--- Exercise materials ---

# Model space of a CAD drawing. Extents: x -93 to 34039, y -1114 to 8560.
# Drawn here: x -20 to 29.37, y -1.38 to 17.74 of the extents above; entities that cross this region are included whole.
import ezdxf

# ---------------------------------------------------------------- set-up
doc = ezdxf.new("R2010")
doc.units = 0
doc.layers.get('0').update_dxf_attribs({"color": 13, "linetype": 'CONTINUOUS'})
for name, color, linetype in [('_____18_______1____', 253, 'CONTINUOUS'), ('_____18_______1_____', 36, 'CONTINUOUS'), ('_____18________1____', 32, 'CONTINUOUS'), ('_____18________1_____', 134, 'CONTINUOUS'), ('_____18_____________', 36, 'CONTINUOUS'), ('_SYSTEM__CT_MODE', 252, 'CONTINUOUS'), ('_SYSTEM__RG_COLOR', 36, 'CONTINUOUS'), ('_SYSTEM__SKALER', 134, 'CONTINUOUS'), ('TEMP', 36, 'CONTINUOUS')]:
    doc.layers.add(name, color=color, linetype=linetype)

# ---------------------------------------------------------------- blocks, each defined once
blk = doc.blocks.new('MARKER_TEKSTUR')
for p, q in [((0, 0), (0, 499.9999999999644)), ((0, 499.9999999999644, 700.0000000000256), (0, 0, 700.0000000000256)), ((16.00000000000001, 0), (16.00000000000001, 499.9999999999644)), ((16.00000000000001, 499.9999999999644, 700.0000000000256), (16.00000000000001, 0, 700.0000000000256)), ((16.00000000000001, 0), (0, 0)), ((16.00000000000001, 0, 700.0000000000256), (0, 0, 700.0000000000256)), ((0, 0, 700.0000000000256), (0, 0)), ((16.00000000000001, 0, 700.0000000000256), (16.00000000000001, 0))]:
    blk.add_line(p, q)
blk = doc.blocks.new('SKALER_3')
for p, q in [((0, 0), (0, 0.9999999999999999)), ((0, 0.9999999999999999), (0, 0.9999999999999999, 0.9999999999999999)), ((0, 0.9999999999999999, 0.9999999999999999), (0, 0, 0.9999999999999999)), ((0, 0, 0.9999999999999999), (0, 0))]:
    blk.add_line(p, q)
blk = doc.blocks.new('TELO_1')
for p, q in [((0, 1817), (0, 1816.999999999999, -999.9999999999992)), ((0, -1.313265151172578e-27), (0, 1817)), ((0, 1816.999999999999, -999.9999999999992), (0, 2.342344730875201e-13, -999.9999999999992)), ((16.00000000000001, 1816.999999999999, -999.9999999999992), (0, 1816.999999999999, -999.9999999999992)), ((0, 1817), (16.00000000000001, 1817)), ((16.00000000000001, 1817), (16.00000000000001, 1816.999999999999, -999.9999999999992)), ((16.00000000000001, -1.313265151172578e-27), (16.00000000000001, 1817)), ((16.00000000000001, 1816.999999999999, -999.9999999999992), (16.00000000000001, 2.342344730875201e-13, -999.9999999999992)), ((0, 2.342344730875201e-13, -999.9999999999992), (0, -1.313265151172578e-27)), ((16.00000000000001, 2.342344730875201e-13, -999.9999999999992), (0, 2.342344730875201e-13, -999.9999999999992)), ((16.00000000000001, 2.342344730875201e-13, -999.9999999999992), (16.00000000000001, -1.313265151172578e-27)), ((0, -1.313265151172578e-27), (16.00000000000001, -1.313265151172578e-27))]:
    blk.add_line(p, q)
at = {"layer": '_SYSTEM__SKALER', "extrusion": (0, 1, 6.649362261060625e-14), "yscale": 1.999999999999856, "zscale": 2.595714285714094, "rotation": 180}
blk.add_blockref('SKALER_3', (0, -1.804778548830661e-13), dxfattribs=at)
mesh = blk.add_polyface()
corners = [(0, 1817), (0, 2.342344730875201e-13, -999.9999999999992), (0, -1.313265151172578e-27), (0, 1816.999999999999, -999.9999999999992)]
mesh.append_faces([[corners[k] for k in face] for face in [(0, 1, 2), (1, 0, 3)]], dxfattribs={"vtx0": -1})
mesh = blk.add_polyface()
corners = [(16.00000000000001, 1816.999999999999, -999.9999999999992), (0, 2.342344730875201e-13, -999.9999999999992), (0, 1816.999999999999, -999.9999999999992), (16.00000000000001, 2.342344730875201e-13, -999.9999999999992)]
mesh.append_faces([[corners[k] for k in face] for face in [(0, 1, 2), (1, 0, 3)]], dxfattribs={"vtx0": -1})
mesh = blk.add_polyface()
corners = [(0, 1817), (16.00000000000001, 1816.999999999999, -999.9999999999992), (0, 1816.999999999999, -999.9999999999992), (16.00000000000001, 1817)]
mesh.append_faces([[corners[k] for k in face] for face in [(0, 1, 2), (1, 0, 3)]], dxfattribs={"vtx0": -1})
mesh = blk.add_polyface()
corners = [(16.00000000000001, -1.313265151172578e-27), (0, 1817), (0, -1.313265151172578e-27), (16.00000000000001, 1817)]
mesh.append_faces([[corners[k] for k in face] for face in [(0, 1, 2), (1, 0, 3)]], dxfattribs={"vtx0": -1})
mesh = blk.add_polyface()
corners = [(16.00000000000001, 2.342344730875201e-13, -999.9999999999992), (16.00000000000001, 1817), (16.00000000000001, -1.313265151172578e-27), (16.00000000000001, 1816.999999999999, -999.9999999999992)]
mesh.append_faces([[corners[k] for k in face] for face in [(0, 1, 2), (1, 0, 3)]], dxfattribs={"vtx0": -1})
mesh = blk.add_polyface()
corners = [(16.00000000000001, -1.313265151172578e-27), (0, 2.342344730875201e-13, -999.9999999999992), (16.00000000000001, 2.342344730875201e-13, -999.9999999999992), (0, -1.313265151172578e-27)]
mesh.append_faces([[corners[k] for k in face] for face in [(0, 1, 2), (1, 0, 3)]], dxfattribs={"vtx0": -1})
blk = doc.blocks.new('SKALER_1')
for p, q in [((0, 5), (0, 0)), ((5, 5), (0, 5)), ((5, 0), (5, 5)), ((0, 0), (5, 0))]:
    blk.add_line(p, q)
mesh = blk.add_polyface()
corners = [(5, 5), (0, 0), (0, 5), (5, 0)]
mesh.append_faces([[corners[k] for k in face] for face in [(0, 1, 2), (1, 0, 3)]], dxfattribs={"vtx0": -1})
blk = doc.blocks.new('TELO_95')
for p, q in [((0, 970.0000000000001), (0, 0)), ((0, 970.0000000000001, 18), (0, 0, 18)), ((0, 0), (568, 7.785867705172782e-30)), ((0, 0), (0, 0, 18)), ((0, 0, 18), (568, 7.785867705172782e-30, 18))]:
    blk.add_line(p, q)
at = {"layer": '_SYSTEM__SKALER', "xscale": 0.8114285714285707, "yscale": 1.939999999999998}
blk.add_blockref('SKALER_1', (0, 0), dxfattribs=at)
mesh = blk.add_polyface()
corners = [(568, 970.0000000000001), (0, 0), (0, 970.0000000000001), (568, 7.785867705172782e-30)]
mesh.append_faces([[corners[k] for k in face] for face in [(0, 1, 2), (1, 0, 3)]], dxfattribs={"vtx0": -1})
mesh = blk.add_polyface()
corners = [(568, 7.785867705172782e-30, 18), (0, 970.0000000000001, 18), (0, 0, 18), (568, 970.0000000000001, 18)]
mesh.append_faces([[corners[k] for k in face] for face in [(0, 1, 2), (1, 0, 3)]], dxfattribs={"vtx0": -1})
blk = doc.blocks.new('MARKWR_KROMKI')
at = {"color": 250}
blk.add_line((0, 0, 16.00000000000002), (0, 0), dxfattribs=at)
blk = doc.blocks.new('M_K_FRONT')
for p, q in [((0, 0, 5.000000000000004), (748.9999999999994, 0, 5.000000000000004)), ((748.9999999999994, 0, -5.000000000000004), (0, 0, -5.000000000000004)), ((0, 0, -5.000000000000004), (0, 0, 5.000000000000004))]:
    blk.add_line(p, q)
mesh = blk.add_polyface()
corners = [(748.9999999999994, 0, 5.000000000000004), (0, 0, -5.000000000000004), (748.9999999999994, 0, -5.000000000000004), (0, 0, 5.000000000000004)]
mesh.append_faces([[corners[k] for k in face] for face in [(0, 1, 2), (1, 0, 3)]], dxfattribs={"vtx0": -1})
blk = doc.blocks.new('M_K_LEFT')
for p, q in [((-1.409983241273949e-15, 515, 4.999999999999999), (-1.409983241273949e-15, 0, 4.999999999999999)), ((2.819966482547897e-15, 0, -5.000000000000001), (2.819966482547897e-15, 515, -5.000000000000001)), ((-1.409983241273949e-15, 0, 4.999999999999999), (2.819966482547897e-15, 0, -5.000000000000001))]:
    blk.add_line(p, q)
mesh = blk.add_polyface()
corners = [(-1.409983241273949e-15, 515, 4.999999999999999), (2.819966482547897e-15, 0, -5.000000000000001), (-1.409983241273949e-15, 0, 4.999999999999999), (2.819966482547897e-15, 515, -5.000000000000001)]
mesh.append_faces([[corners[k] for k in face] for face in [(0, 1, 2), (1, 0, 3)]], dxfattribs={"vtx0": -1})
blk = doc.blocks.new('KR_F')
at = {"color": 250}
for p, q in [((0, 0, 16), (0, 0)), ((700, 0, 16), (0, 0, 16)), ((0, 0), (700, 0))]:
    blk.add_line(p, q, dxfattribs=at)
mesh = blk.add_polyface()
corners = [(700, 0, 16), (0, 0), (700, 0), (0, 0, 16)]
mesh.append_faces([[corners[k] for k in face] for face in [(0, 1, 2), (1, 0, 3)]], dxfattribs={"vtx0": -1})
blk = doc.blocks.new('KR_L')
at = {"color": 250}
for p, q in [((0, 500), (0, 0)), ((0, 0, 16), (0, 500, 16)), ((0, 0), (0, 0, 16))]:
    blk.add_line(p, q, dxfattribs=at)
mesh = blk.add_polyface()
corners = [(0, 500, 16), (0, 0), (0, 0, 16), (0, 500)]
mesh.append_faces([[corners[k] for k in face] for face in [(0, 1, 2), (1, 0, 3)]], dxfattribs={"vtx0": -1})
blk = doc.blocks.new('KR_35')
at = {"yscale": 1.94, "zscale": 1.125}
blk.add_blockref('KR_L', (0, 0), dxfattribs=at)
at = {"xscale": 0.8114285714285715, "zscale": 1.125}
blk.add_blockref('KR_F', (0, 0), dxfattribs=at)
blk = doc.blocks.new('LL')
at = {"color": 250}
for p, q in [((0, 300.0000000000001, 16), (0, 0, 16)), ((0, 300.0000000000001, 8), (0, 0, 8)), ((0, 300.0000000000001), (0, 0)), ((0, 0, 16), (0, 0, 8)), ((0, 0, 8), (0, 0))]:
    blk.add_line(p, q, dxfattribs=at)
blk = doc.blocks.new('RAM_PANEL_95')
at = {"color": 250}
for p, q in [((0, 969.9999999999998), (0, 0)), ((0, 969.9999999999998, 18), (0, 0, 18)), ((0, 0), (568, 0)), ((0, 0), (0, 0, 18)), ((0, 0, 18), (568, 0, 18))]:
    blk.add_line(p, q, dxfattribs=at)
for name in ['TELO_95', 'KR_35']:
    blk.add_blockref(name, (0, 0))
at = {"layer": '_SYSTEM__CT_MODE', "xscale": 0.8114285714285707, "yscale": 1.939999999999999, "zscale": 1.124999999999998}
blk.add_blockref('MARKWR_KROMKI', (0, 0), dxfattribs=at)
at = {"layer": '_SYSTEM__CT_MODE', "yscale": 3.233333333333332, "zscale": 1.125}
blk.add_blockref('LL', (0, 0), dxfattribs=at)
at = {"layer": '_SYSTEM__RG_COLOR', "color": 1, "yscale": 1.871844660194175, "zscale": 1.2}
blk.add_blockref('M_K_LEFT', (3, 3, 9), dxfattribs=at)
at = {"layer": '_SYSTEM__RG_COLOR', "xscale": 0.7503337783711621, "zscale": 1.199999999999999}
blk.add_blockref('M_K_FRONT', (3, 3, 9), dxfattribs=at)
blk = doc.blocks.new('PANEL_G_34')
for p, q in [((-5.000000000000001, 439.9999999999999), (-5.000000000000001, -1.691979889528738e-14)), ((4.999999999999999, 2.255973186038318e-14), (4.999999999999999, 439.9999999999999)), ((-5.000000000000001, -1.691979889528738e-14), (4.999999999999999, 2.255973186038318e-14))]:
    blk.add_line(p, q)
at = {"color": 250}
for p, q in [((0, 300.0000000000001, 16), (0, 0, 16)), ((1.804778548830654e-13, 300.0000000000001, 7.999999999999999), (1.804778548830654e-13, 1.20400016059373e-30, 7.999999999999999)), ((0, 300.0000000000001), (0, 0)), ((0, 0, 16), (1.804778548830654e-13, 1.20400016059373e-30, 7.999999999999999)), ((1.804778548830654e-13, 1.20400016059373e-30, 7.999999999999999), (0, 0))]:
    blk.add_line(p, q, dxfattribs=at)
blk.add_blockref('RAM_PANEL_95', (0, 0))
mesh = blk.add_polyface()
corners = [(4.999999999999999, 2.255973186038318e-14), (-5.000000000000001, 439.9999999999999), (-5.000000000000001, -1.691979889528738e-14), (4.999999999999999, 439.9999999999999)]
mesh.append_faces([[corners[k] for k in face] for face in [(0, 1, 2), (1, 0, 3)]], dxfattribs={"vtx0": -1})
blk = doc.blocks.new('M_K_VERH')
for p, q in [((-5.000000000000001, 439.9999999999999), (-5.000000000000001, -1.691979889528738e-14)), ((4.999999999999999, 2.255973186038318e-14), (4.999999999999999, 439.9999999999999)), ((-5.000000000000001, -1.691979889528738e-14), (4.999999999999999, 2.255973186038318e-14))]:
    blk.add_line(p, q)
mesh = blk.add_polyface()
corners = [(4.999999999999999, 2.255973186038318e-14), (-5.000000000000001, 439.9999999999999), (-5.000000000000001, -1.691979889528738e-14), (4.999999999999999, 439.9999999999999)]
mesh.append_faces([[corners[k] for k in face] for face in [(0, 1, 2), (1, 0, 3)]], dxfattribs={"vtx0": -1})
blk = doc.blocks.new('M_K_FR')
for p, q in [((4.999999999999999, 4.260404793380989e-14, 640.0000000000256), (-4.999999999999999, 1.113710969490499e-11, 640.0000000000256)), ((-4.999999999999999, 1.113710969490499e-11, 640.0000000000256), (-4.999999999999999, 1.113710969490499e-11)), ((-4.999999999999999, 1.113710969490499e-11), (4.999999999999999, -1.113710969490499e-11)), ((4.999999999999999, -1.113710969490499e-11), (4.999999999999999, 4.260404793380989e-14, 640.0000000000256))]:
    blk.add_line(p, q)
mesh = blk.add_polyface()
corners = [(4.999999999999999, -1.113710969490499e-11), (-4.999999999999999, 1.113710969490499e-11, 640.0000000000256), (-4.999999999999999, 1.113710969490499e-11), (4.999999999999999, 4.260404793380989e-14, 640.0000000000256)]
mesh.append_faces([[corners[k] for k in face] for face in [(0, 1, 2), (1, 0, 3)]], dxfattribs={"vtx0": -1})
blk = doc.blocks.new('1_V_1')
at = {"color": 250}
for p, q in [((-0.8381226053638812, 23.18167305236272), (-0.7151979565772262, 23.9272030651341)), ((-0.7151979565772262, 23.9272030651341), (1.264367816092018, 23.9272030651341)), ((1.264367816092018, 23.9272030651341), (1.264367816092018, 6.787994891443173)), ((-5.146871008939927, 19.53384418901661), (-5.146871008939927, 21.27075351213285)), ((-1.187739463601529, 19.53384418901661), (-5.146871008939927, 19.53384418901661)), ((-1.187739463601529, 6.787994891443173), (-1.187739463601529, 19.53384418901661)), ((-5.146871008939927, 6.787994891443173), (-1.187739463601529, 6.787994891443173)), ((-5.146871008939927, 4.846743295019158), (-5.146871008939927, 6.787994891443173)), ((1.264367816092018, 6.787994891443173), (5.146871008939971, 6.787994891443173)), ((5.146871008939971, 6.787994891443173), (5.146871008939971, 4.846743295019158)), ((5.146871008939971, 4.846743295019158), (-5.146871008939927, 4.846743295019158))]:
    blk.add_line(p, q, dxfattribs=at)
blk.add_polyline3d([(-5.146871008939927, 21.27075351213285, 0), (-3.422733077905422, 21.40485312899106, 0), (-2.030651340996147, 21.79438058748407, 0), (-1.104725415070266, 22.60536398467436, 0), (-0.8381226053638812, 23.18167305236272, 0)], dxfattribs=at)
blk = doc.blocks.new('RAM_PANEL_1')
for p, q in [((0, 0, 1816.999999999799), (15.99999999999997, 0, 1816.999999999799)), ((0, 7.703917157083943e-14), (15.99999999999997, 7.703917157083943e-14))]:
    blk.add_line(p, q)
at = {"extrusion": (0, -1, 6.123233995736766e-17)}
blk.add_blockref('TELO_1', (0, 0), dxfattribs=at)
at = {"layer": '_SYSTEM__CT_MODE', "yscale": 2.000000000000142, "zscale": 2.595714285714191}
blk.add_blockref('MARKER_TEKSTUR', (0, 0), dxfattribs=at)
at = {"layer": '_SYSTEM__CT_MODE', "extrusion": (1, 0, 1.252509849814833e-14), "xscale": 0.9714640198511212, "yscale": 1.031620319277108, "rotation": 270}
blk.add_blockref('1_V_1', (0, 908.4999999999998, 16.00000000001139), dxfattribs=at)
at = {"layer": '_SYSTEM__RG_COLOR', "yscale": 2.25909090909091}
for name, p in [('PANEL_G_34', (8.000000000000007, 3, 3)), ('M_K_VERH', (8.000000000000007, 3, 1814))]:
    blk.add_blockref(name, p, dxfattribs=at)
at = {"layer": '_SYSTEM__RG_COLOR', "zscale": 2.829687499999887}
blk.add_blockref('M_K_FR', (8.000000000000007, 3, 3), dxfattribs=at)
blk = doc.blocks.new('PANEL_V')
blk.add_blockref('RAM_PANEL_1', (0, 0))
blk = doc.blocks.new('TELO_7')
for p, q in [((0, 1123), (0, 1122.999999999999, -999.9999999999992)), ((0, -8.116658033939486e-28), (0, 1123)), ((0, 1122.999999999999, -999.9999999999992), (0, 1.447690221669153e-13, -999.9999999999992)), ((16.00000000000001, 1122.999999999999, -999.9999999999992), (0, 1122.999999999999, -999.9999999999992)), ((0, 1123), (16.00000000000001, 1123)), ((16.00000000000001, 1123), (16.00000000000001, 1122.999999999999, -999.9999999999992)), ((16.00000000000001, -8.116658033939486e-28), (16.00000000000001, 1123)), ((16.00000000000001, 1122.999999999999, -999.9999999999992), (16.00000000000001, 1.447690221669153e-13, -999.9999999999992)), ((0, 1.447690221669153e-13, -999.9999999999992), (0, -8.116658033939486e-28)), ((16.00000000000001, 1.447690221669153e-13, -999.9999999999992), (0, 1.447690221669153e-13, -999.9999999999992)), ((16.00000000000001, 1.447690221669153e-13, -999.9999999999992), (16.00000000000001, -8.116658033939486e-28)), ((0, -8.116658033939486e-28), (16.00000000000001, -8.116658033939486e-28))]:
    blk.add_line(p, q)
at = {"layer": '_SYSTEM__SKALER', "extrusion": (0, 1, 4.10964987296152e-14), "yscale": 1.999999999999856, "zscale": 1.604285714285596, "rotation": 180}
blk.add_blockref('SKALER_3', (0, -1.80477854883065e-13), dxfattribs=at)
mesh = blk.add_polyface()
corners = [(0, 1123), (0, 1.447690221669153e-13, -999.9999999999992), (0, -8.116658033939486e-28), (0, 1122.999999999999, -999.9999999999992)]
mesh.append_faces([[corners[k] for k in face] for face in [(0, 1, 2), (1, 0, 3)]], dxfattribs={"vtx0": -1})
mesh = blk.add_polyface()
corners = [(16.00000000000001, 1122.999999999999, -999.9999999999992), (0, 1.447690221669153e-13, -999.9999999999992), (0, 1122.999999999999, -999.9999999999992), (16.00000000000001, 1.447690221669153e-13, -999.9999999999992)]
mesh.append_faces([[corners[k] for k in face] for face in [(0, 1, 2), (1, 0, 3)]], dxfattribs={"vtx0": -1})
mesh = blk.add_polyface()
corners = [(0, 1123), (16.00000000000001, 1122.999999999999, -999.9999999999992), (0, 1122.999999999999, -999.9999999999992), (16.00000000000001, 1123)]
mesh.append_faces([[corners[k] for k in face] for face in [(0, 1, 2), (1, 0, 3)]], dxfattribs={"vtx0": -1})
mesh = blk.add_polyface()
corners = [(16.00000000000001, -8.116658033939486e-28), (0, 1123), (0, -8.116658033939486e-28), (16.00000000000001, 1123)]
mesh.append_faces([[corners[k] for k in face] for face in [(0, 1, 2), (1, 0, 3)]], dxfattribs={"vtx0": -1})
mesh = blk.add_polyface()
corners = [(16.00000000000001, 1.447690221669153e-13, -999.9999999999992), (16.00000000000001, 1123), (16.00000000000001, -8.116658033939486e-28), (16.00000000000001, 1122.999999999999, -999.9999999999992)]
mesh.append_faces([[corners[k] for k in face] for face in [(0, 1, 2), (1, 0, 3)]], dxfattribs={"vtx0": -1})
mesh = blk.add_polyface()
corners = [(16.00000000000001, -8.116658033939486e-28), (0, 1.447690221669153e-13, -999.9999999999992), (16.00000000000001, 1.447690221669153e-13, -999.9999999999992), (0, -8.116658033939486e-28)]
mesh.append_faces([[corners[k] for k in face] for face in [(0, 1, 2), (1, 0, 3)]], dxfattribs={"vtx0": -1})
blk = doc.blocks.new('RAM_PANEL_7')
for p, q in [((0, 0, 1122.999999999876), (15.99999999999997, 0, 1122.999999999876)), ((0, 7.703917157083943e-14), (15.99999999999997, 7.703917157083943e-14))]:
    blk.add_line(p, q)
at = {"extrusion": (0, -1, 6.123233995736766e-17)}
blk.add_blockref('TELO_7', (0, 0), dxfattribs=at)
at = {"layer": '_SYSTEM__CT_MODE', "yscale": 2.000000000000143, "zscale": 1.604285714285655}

---

## Work instruction
Repeat the records above line by line, from the first line through the line that contains "import ezdxf".

## Output for this task
# Model space of a CAD drawing. Extents: x -93 to 34039, y -1114 to 8560.
# Drawn here: x -20 to 29.37, y -1.38 to 17.74 of the extents above; entities that cross this region are included whole.
import ezdxf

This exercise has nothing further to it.